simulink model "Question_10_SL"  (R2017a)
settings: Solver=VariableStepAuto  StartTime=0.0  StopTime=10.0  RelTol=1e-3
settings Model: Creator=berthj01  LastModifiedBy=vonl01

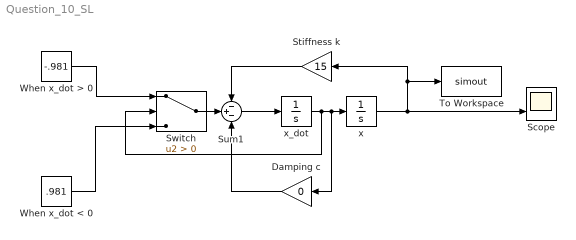
== system Question_10_SL ==
  Damping c : Gain  Gain=0
  Scope : Scope  NumInputPorts=2
  Stiffness k : Gain  Gain=15
  Sum1 : Sum  Inputs=-+-
  Switch : Switch  Criteria=u2 > Threshold  ZeroCross=off
  To Workspace : ToWorkspace  VariableName=simout  SampleTime=-1
  When x_dot < 0 : Constant  Value=.981
  When x_dot > 0 : Constant  Value=-.981
  x : Integrator  InitialCondition=.5
  x_dot : Integrator
  wires:
  Switch/1 -> Sum1/2
  Sum1/1 -> x_dot/1
  x_dot/1 -> Damping c/1, x/1, Switch/2
  Stiffness k/1 -> Sum1/1
  Damping c/1 -> Sum1/3
  x/1 -> Scope/2, Stiffness k/1, To Workspace/1
  When x_dot > 0/1 -> Switch/1
  When x_dot < 0/1 -> Switch/3

» Problem statement:
State the number of lines in the records that contain the string "Damping", and nothing more.

» Solution for this exercise:
3